_What is required_
Reproduce word for word, from the entries below, the line with "#152=EDGE_LOOP('',(#151));", the line with "#178=DIRECTION('',(0.,-1.,0.));", and every line between them, and nothing more.

_Entries shown_
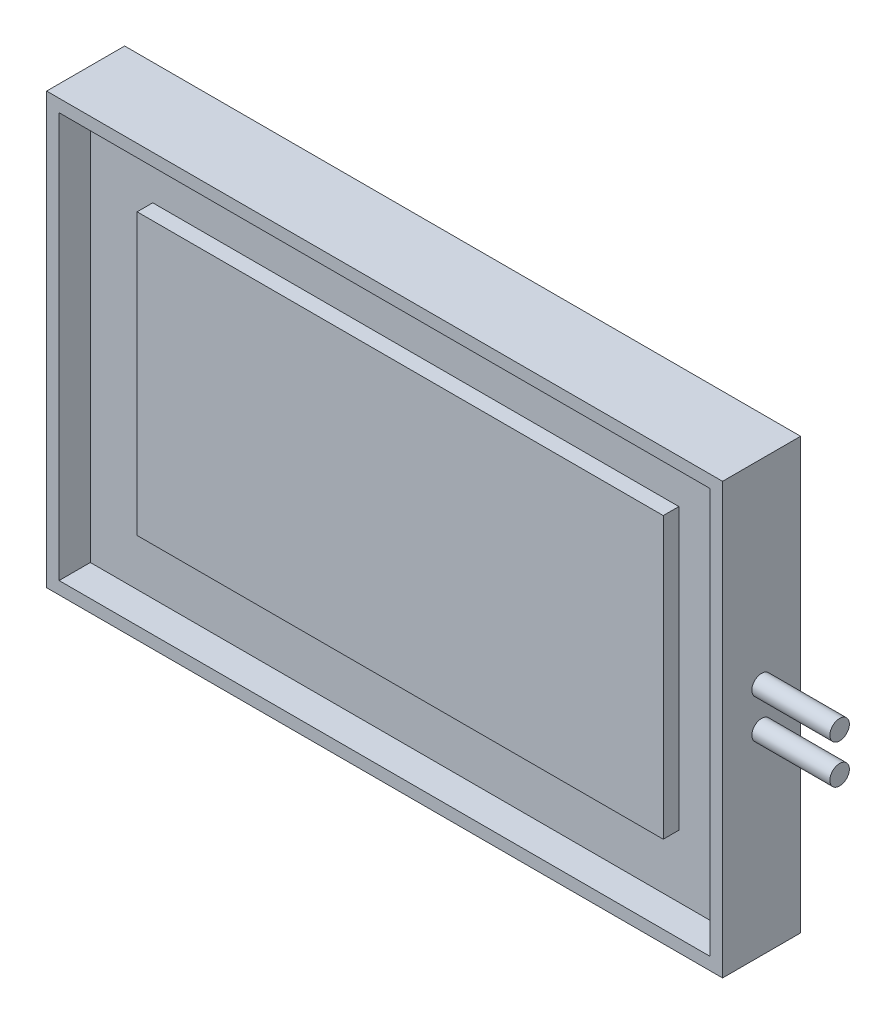
ISO-10303-21;
HEADER;
FILE_DESCRIPTION(('STEP AP214'),'2;1');
FILE_NAME('part.step','',(''),(''),'','','');
FILE_SCHEMA(('AUTOMOTIVE_DESIGN { 1 0 10303 214 1 1 1 1 }'));
ENDSEC;
DATA;
#1=APPLICATION_CONTEXT('core data for automotive mechanical design processes');
#2=APPLICATION_PROTOCOL_DEFINITION('international standard','automotive_design',2000,#1);
#3=PRODUCT_CONTEXT('',#1,'mechanical');
#4=PRODUCT('Part','Part','',(#3));
#5=PRODUCT_RELATED_PRODUCT_CATEGORY('part','',(#4));
#6=PRODUCT_DEFINITION_FORMATION('','',#4);
#7=PRODUCT_DEFINITION_CONTEXT('part definition',#1,'design');
#8=PRODUCT_DEFINITION('design','',#6,#7);
#9=PRODUCT_DEFINITION_SHAPE('','',#8);
#10=(LENGTH_UNIT() NAMED_UNIT(*) SI_UNIT(.MILLI.,.METRE.));
#11=(NAMED_UNIT(*) PLANE_ANGLE_UNIT() SI_UNIT($,.RADIAN.));
#12=(NAMED_UNIT(*) SI_UNIT($,.STERADIAN.) SOLID_ANGLE_UNIT());
#13=UNCERTAINTY_MEASURE_WITH_UNIT(LENGTH_MEASURE(1.E-05),#10,'distance_accuracy_value','');
#14=(GEOMETRIC_REPRESENTATION_CONTEXT(3) GLOBAL_UNCERTAINTY_ASSIGNED_CONTEXT((#13)) GLOBAL_UNIT_ASSIGNED_CONTEXT((#10,
#11,#12)) REPRESENTATION_CONTEXT('',''));
#15=CARTESIAN_POINT('',(0.,0.,0.));
#16=DIRECTION('',(0.,0.,1.));
#17=DIRECTION('',(1.,0.,0.));
#18=AXIS2_PLACEMENT_3D('',#15,#16,#17);
#19=CARTESIAN_POINT('',(0.,0.,3.81));
#20=DIRECTION('',(0.,0.,1.));
#21=DIRECTION('',(1.,0.,0.));
#22=AXIS2_PLACEMENT_3D('',#19,#20,#21);
#23=PLANE('',#22);
#24=DIRECTION('',(0.,1.,0.));
#25=VECTOR('',#24,1.);
#26=CARTESIAN_POINT('',(-29.7623768115942,-0.393420289855083,3.81));
#27=LINE('',#26,#25);
#28=CARTESIAN_POINT('',(-29.7623768115942,-0.393420289855083,3.81));
#29=VERTEX_POINT('',#28);
#30=CARTESIAN_POINT('',(-29.7623768115942,32.5745797101449,3.81));
#31=VERTEX_POINT('',#30);
#32=EDGE_CURVE('E157',#29,#31,#27,.T.);
#33=ORIENTED_EDGE('',*,*,#32,.T.);
#34=DIRECTION('',(-1.,0.,0.));
#35=VECTOR('',#34,1.);
#36=CARTESIAN_POINT('',(-29.7623768115942,32.5745797101449,3.81));
#37=LINE('',#36,#35);
#38=CARTESIAN_POINT('',(-82.7303768115942,32.5745797101449,3.81));
#39=VERTEX_POINT('',#38);
#40=EDGE_CURVE('E160',#31,#39,#37,.T.);
#41=ORIENTED_EDGE('',*,*,#40,.T.);
#42=DIRECTION('',(0.,-1.,0.));
#43=VECTOR('',#42,1.);
#44=CARTESIAN_POINT('',(-82.7303768115942,32.5745797101449,3.81));
#45=LINE('',#44,#43);
#46=CARTESIAN_POINT('',(-82.7303768115942,-0.393420289855086,3.81));
#47=VERTEX_POINT('',#46);
#48=EDGE_CURVE('E164',#39,#47,#45,.T.);
#49=ORIENTED_EDGE('',*,*,#48,.T.);
#50=DIRECTION('',(1.,0.,0.));
#51=VECTOR('',#50,1.);
#52=CARTESIAN_POINT('',(-82.7303768115942,-0.393420289855086,3.81));
#53=LINE('',#52,#51);
#54=EDGE_CURVE('E167',#47,#29,#53,.T.);
#55=ORIENTED_EDGE('',*,*,#54,.T.);
#56=EDGE_LOOP('',(#33,#41,#49,#55));
#57=FACE_BOUND('',#56,.T.);
#58=DIRECTION('',(-1.,0.,0.));
#59=VECTOR('',#58,1.);
#60=CARTESIAN_POINT('',(-34.8423768115942,27.4945797101449,3.81));
#61=LINE('',#60,#59);
#62=CARTESIAN_POINT('',(-34.8423768115942,27.4945797101449,3.81));
#63=VERTEX_POINT('',#62);
#64=CARTESIAN_POINT('',(-77.6503768115942,27.4945797101449,3.81));
#65=VERTEX_POINT('',#64);
#66=EDGE_CURVE('E472',#63,#65,#61,.T.);
#67=ORIENTED_EDGE('',*,*,#66,.F.);
#68=DIRECTION('',(0.,1.,0.));
#69=VECTOR('',#68,1.);
#70=CARTESIAN_POINT('',(-34.8423768115942,4.68657971014492,3.81));
#71=LINE('',#70,#69);
#72=CARTESIAN_POINT('',(-34.8423768115942,4.68657971014492,3.81));
#73=VERTEX_POINT('',#72);
#74=EDGE_CURVE('E149',#73,#63,#71,.T.);
#75=ORIENTED_EDGE('',*,*,#74,.F.);
#76=DIRECTION('',(1.,0.,0.));
#77=VECTOR('',#76,1.);
#78=CARTESIAN_POINT('',(-77.6503768115942,4.68657971014491,3.81));
#79=LINE('',#78,#77);
#80=CARTESIAN_POINT('',(-77.6503768115942,4.68657971014491,3.81));
#81=VERTEX_POINT('',#80);
#82=EDGE_CURVE('E145',#81,#73,#79,.T.);
#83=ORIENTED_EDGE('',*,*,#82,.F.);
#84=DIRECTION('',(0.,-1.,0.));
#85=VECTOR('',#84,1.);
#86=CARTESIAN_POINT('',(-77.6503768115942,27.4945797101449,3.81));
#87=LINE('',#86,#85);
#88=EDGE_CURVE('E469',#65,#81,#87,.T.);
#89=ORIENTED_EDGE('',*,*,#88,.F.);
#90=EDGE_LOOP('',(#67,#75,#83,#89));
#91=FACE_BOUND('',#90,.T.);
#92=ADVANCED_FACE('F37',(#57,#91),#23,.T.);
#93=CARTESIAN_POINT('',(-28.7463768115942,33.5905797101449,6.35));
#94=DIRECTION('',(-1.,0.,0.));
#95=DIRECTION('',(0.,-1.,0.));
#96=AXIS2_PLACEMENT_3D('',#93,#94,#95);
#97=PLANE('',#96);
#98=DIRECTION('',(0.,1.,0.));
#99=VECTOR('',#98,1.);
#100=CARTESIAN_POINT('',(-28.7463768115942,33.5905797101449,0.));
#101=LINE('',#100,#99);
#102=CARTESIAN_POINT('',(-28.7463768115942,-1.40942028985509,0.));
#103=VERTEX_POINT('',#102);
#104=CARTESIAN_POINT('',(-28.7463768115942,33.5905797101449,0.));
#105=VERTEX_POINT('',#104);
#106=EDGE_CURVE('E213',#103,#105,#101,.T.);
#107=ORIENTED_EDGE('',*,*,#106,.T.);
#108=DIRECTION('',(0.,0.,-1.));
#109=VECTOR('',#108,1.);
#110=CARTESIAN_POINT('',(-28.7463768115942,33.5905797101449,6.35));
#111=LINE('',#110,#109);
#112=CARTESIAN_POINT('',(-28.7463768115942,33.5905797101449,6.35));
#113=VERTEX_POINT('',#112);
#114=EDGE_CURVE('E218',#113,#105,#111,.T.);
#115=ORIENTED_EDGE('',*,*,#114,.F.);
#116=DIRECTION('',(0.,1.,0.));
#117=VECTOR('',#116,1.);
#118=CARTESIAN_POINT('',(-28.7463768115942,33.5905797101449,6.35));
#119=LINE('',#118,#117);
#120=CARTESIAN_POINT('',(-28.7463768115942,-1.40942028985509,6.35));
#121=VERTEX_POINT('',#120);
#122=EDGE_CURVE('E204',#121,#113,#119,.T.);
#123=ORIENTED_EDGE('',*,*,#122,.F.);
#124=DIRECTION('',(0.,0.,-1.));
#125=VECTOR('',#124,1.);
#126=CARTESIAN_POINT('',(-28.7463768115942,-1.40942028985509,6.35));
#127=LINE('',#126,#125);
#128=EDGE_CURVE('E221',#121,#103,#127,.T.);
#129=ORIENTED_EDGE('',*,*,#128,.T.);
#130=EDGE_LOOP('',(#107,#115,#123,#129));
#131=FACE_BOUND('',#130,.T.);
#132=CARTESIAN_POINT('',(-28.7463768115942,17.6780797101449,3.175));
#133=DIRECTION('',(-1.,0.,0.));
#134=DIRECTION('',(0.,-1.,0.));
#135=AXIS2_PLACEMENT_3D('',#132,#133,#134);
#136=CIRCLE('',#135,0.79375);
#137=CARTESIAN_POINT('',(-28.7463768115942,16.8843297101449,3.175));
#138=VERTEX_POINT('',#137);
#139=EDGE_CURVE('E45',#138,#138,#136,.F.);
#140=ORIENTED_EDGE('',*,*,#139,.F.);
#141=EDGE_LOOP('',(#140));
#142=FACE_BOUND('',#141,.T.);
#143=CARTESIAN_POINT('',(-28.7463768115942,14.5030797101449,3.175));
#144=DIRECTION('',(-1.,0.,0.));
#145=DIRECTION('',(0.,-1.,0.));
#146=AXIS2_PLACEMENT_3D('',#143,#144,#145);
#147=CIRCLE('',#146,0.79375);
#148=CARTESIAN_POINT('',(-28.7463768115942,13.7093297101449,3.175));
#149=VERTEX_POINT('',#148);
#150=EDGE_CURVE('E11',#149,#149,#147,.F.);
#151=ORIENTED_EDGE('',*,*,#150,.F.);
#152=EDGE_LOOP('',(#151));
#153=FACE_BOUND('',#152,.T.);
#154=ADVANCED_FACE('F231',(#131,#142,#153),#97,.F.);
#155=CARTESIAN_POINT('',(-83.7463768115942,33.5905797101449,6.35));
#156=DIRECTION('',(1.,0.,0.));
#157=DIRECTION('',(0.,1.,0.));
#158=AXIS2_PLACEMENT_3D('',#155,#156,#157);
#159=PLANE('',#158);
#160=DIRECTION('',(0.,-1.,0.));
#161=VECTOR('',#160,1.);
#162=CARTESIAN_POINT('',(-83.7463768115942,33.5905797101449,0.));
#163=LINE('',#162,#161);
#164=CARTESIAN_POINT('',(-83.7463768115942,33.5905797101449,0.));
#165=VERTEX_POINT('',#164);
#166=CARTESIAN_POINT('',(-83.7463768115942,-1.40942028985509,0.));
#167=VERTEX_POINT('',#166);
#168=EDGE_CURVE('E197',#165,#167,#163,.T.);
#169=ORIENTED_EDGE('',*,*,#168,.T.);
#170=DIRECTION('',(0.,0.,-1.));
#171=VECTOR('',#170,1.);
#172=CARTESIAN_POINT('',(-83.7463768115942,-1.40942028985509,6.35));
#173=LINE('',#172,#171);
#174=CARTESIAN_POINT('',(-83.7463768115942,-1.40942028985509,6.35));
#175=VERTEX_POINT('',#174);
#176=EDGE_CURVE('E224',#175,#167,#173,.T.);
#177=ORIENTED_EDGE('',*,*,#176,.F.);
#178=DIRECTION('',(0.,-1.,0.));
#179=VECTOR('',#178,1.);
#180=CARTESIAN_POINT('',(-83.7463768115942,33.5905797101449,6.35));
#181=LINE('',#180,#179);
#182=CARTESIAN_POINT('',(-83.7463768115942,33.5905797101449,6.35));
#183=VERTEX_POINT('',#182);
#184=EDGE_CURVE('E198',#183,#175,#181,.T.);
#185=ORIENTED_EDGE('',*,*,#184,.F.);
#186=DIRECTION('',(0.,0.,-1.));
#187=VECTOR('',#186,1.);
#188=CARTESIAN_POINT('',(-83.7463768115942,33.5905797101449,6.35));
#189=LINE('',#188,#187);
#190=EDGE_CURVE('E208',#183,#165,#189,.T.);
#191=ORIENTED_EDGE('',*,*,#190,.T.);
#192=EDGE_LOOP('',(#169,#177,#185,#191));
#193=FACE_BOUND('',#192,.T.);
#194=ADVANCED_FACE('F39',(#193),#159,.F.);
#195=CARTESIAN_POINT('',(-83.7463768115942,-1.40942028985509,6.35));
#196=DIRECTION('',(0.,1.,0.));
#197=DIRECTION('',(0.,0.,1.));
#198=AXIS2_PLACEMENT_3D('',#195,#196,#197);
#199=PLANE('',#198);
#200=DIRECTION('',(1.,0.,0.));
#201=VECTOR('',#200,1.);
#202=CARTESIAN_POINT('',(-83.7463768115942,-1.40942028985509,0.));
#203=LINE('',#202,#201);
#204=EDGE_CURVE('E211',#167,#103,#203,.T.);
#205=ORIENTED_EDGE('',*,*,#204,.T.);
#206=ORIENTED_EDGE('',*,*,#128,.F.);
#207=DIRECTION('',(1.,0.,0.));
#208=VECTOR('',#207,1.);
#209=CARTESIAN_POINT('',(-83.7463768115942,-1.40942028985509,6.35));
#210=LINE('',#209,#208);
#211=EDGE_CURVE('E201',#175,#121,#210,.T.);
#212=ORIENTED_EDGE('',*,*,#211,.F.);
#213=ORIENTED_EDGE('',*,*,#176,.T.);
#214=EDGE_LOOP('',(#205,#206,#212,#213));
#215=FACE_BOUND('',#214,.T.);
#216=ADVANCED_FACE('F309',(#215),#199,.F.);
#217=CARTESIAN_POINT('',(-83.7463768115942,33.5905797101449,6.35));
#218=DIRECTION('',(0.,-1.,0.));
#219=DIRECTION('',(0.,0.,-1.));
#220=AXIS2_PLACEMENT_3D('',#217,#218,#219);
#221=PLANE('',#220);
#222=DIRECTION('',(-1.,0.,0.));
#223=VECTOR('',#222,1.);
#224=CARTESIAN_POINT('',(-83.7463768115942,33.5905797101449,0.));
#225=LINE('',#224,#223);
#226=EDGE_CURVE('E202',#105,#165,#225,.T.);
#227=ORIENTED_EDGE('',*,*,#226,.T.);
#228=ORIENTED_EDGE('',*,*,#190,.F.);
#229=DIRECTION('',(-1.,0.,0.));
#230=VECTOR('',#229,1.);
#231=CARTESIAN_POINT('',(-83.7463768115942,33.5905797101449,6.35));
#232=LINE('',#231,#230);
#233=EDGE_CURVE('E206',#113,#183,#232,.T.);
#234=ORIENTED_EDGE('',*,*,#233,.F.);
#235=ORIENTED_EDGE('',*,*,#114,.T.);
#236=EDGE_LOOP('',(#227,#228,#234,#235));
#237=FACE_BOUND('',#236,.T.);
#238=ADVANCED_FACE('F304',(#237),#221,.F.);
#239=CARTESIAN_POINT('',(0.,0.,6.35));
#240=DIRECTION('',(0.,0.,1.));
#241=DIRECTION('',(1.,0.,0.));
#242=AXIS2_PLACEMENT_3D('',#239,#240,#241);
#243=PLANE('',#242);
#244=DIRECTION('',(0.,1.,0.));
#245=VECTOR('',#244,1.);
#246=CARTESIAN_POINT('',(-29.7623768115942,-0.393420289855083,6.35));
#247=LINE('',#246,#245);
#248=CARTESIAN_POINT('',(-29.7623768115942,-0.393420289855083,6.35));
#249=VERTEX_POINT('',#248);
#250=CARTESIAN_POINT('',(-29.7623768115942,32.5745797101449,6.35));
#251=VERTEX_POINT('',#250);
#252=EDGE_CURVE('E60',#249,#251,#247,.T.);
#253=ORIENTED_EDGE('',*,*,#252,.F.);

_Solution to this problem_
#152=EDGE_LOOP('',(#151));
#153=FACE_BOUND('',#152,.T.);
#154=ADVANCED_FACE('F231',(#131,#142,#153),#97,.F.);
#155=CARTESIAN_POINT('',(-83.7463768115942,33.5905797101449,6.35));
#156=DIRECTION('',(1.,0.,0.));
#157=DIRECTION('',(0.,1.,0.));
#158=AXIS2_PLACEMENT_3D('',#155,#156,#157);
#159=PLANE('',#158);
#160=DIRECTION('',(0.,-1.,0.));
#161=VECTOR('',#160,1.);
#162=CARTESIAN_POINT('',(-83.7463768115942,33.5905797101449,0.));
#163=LINE('',#162,#161);
#164=CARTESIAN_POINT('',(-83.7463768115942,33.5905797101449,0.));
#165=VERTEX_POINT('',#164);
#166=CARTESIAN_POINT('',(-83.7463768115942,-1.40942028985509,0.));
#167=VERTEX_POINT('',#166);
#168=EDGE_CURVE('E197',#165,#167,#163,.T.);
#169=ORIENTED_EDGE('',*,*,#168,.T.);
#170=DIRECTION('',(0.,0.,-1.));
#171=VECTOR('',#170,1.);
#172=CARTESIAN_POINT('',(-83.7463768115942,-1.40942028985509,6.35));
#173=LINE('',#172,#171);
#174=CARTESIAN_POINT('',(-83.7463768115942,-1.40942028985509,6.35));
#175=VERTEX_POINT('',#174);
#176=EDGE_CURVE('E224',#175,#167,#173,.T.);
#177=ORIENTED_EDGE('',*,*,#176,.F.);
#178=DIRECTION('',(0.,-1.,0.));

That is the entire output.